# Goal of the exercise:
In the entries below, count every line containing "QOSLeaseDuration". Return the number and nothing else.

Data records
☆ ☆ ☆ ☆

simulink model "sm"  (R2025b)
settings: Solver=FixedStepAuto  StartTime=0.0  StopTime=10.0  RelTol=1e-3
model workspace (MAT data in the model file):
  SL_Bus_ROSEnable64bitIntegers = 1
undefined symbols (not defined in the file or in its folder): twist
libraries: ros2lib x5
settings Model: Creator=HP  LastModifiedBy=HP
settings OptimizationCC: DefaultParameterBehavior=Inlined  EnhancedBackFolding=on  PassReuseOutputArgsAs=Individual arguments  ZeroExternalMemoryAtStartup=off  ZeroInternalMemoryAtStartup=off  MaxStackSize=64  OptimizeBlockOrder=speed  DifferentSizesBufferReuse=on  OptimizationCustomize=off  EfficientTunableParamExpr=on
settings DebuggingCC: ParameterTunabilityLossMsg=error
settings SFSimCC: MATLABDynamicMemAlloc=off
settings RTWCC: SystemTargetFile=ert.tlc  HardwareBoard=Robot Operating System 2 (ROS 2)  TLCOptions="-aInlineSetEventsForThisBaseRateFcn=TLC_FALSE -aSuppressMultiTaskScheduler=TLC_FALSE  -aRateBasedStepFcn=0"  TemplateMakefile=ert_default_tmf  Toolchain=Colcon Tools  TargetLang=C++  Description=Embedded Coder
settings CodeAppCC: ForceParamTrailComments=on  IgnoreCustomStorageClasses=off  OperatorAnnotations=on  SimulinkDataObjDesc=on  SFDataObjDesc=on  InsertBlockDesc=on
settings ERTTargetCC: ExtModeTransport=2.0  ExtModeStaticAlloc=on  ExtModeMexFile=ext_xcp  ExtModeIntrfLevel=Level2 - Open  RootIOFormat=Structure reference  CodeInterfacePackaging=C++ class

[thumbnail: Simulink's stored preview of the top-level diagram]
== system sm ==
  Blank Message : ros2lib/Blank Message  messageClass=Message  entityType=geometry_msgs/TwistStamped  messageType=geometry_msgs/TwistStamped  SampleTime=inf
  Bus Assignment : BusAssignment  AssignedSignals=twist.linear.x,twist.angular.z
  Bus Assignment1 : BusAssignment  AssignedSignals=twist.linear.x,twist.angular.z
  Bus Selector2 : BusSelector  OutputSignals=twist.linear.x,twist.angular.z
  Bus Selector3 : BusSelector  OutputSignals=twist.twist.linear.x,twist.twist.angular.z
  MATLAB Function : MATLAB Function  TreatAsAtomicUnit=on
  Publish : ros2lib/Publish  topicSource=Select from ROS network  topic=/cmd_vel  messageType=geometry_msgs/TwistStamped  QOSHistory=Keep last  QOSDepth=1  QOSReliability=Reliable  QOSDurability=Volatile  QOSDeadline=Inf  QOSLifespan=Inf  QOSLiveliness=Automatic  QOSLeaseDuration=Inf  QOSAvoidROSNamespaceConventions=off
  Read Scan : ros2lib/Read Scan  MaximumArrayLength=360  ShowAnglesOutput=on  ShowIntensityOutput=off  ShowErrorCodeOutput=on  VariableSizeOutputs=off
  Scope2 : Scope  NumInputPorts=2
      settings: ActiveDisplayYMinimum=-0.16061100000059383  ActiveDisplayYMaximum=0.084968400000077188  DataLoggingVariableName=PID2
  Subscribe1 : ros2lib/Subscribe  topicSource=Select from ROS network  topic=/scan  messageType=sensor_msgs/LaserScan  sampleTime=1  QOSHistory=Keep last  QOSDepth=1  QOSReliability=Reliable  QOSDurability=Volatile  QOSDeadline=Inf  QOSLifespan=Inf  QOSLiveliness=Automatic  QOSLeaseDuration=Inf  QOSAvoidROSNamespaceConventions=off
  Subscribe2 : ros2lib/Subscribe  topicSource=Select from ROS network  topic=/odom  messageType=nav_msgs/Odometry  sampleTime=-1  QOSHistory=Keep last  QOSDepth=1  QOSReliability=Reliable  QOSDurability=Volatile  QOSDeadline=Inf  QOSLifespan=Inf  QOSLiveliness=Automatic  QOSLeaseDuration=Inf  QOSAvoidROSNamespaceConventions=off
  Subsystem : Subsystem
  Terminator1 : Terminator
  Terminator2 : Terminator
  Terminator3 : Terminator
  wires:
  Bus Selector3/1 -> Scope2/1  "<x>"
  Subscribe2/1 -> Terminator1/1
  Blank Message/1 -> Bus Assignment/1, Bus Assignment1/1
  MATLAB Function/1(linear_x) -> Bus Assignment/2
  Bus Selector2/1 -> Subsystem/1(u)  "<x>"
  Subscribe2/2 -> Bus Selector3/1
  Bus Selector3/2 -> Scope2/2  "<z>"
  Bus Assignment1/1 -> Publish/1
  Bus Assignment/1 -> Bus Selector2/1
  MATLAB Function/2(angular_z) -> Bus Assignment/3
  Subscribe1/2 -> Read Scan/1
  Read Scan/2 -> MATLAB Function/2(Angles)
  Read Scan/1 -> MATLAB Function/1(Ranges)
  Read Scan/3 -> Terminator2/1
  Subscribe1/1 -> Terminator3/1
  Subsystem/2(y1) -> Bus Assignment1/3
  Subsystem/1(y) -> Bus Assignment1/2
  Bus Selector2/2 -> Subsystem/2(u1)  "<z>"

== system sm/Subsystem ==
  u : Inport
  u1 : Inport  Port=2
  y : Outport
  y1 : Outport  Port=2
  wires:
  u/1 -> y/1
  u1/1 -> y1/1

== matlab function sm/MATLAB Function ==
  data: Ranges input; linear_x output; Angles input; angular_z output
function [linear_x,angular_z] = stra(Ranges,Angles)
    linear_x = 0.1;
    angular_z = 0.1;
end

☆ ☆ ☆ ☆

# Output of the task:
3